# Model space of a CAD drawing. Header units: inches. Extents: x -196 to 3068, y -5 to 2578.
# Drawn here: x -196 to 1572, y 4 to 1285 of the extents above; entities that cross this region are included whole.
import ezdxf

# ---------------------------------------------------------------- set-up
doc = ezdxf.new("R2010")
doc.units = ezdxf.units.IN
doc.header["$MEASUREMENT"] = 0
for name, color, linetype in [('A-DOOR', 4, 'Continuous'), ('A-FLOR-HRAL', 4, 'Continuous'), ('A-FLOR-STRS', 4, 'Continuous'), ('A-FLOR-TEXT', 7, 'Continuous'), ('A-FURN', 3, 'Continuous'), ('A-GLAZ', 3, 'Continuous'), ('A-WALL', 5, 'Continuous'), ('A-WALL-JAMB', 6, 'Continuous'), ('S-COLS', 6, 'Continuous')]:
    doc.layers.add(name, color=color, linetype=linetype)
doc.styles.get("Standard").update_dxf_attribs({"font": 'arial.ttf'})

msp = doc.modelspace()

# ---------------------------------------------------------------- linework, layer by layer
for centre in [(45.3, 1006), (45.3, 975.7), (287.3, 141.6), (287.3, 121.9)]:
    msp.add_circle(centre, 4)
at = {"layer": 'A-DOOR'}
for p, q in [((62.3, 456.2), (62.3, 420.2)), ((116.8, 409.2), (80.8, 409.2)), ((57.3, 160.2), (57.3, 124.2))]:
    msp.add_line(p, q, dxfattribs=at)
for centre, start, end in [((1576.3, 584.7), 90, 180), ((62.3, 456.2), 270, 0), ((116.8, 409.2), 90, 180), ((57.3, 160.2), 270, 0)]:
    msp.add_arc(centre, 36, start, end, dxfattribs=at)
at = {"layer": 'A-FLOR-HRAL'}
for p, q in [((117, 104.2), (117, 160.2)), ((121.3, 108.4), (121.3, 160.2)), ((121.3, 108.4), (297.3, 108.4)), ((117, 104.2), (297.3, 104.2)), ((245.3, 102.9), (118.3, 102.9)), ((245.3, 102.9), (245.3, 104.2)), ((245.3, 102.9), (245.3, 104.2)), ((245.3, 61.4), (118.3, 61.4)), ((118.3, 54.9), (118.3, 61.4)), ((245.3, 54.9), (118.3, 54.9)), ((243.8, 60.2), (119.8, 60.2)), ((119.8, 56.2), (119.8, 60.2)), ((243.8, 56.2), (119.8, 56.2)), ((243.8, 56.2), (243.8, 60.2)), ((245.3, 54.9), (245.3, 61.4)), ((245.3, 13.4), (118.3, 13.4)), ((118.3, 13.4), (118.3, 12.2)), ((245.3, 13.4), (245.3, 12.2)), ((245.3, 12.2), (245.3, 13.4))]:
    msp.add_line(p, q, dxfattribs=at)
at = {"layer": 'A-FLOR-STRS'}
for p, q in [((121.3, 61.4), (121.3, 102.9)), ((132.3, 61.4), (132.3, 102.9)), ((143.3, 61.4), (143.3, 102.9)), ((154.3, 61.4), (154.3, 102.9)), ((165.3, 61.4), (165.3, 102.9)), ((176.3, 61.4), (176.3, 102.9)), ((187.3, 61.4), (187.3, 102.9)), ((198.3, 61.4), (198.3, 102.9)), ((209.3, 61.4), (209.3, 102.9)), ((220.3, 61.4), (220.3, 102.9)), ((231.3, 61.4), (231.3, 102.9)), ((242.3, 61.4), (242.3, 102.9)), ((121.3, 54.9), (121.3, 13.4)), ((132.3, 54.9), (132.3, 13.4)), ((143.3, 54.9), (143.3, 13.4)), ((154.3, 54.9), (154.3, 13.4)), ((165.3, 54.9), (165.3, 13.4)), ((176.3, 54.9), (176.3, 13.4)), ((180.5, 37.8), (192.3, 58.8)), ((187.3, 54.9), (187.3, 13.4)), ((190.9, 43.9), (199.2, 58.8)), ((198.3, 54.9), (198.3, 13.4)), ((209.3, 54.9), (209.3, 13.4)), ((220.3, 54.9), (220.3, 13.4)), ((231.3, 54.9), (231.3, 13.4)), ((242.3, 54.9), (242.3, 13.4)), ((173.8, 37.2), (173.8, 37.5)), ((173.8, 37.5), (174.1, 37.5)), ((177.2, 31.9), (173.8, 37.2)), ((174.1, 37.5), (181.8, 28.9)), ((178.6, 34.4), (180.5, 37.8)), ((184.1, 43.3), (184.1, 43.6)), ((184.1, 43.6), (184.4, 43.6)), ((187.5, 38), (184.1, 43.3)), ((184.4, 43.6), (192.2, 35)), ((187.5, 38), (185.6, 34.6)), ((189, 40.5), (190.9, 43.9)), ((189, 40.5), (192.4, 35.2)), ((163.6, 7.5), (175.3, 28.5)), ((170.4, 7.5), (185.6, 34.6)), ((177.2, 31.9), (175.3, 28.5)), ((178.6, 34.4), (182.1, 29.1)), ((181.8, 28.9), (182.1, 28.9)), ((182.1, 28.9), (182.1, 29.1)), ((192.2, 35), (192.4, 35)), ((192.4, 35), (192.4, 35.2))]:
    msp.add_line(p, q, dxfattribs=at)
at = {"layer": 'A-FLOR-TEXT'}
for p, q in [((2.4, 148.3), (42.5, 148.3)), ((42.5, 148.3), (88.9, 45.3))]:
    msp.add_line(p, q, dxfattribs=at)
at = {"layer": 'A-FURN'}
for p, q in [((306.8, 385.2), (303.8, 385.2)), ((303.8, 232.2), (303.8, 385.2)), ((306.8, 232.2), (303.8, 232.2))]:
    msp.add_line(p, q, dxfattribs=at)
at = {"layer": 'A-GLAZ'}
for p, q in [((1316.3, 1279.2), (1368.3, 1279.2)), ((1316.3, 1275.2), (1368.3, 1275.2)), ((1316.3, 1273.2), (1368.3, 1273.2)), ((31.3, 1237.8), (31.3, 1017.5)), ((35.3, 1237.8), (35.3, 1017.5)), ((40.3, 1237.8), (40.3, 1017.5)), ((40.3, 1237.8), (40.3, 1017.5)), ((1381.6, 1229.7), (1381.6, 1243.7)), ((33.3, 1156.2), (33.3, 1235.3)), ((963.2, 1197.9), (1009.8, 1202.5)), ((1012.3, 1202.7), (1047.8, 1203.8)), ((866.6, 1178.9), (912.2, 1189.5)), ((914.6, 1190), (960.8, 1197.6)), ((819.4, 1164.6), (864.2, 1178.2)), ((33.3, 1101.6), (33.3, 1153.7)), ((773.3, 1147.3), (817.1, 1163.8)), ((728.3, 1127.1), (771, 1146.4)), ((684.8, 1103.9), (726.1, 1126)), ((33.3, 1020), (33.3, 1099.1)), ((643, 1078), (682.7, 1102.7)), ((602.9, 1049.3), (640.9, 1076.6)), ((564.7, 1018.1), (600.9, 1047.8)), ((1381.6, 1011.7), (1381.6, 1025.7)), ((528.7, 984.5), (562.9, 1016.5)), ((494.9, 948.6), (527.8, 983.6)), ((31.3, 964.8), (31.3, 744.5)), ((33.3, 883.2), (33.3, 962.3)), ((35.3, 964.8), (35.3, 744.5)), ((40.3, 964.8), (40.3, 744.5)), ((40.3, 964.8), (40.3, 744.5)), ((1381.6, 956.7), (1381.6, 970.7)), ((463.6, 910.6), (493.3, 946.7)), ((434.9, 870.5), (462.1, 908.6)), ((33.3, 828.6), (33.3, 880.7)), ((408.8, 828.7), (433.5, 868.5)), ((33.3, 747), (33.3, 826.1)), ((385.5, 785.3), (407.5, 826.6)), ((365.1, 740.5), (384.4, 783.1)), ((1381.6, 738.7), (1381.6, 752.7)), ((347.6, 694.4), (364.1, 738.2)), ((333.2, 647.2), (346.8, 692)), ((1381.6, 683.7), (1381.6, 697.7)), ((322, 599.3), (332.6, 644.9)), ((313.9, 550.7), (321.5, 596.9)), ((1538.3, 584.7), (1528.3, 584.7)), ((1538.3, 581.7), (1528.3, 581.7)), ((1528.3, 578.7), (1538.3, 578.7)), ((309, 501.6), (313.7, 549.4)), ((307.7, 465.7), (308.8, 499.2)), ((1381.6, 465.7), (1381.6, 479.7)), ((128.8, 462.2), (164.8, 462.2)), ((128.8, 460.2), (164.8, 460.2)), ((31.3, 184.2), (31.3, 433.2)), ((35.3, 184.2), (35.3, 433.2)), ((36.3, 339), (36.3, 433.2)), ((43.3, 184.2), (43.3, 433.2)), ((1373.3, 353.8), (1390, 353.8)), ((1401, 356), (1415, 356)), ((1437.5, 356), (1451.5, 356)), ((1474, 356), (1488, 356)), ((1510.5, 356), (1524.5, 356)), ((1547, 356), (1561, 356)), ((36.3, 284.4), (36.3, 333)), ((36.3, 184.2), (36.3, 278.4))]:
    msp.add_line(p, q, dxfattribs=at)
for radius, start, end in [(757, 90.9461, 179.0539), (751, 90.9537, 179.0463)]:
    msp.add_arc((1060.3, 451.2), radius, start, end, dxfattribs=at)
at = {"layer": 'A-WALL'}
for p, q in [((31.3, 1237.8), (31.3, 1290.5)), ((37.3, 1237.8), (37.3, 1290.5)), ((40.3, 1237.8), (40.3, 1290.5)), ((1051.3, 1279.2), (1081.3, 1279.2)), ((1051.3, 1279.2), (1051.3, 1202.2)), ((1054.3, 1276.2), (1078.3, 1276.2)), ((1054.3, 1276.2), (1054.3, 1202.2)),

## To do
Exactly the lines between the one containing "msp.add_arc((1060.3, 451.2), radius, start, end, dxfattribs=at)" and the end of the material, both ends included, must be retyped, with nothing added.

## Answer box
    msp.add_arc((1060.3, 451.2), radius, start, end, dxfattribs=at)
at = {"layer": 'A-WALL'}
for p, q in [((31.3, 1237.8), (31.3, 1290.5)), ((37.3, 1237.8), (37.3, 1290.5)), ((40.3, 1237.8), (40.3, 1290.5)), ((1051.3, 1279.2), (1081.3, 1279.2)), ((1051.3, 1279.2), (1051.3, 1202.2)), ((1054.3, 1276.2), (1078.3, 1276.2)), ((1054.3, 1276.2), (1054.3, 1202.2)),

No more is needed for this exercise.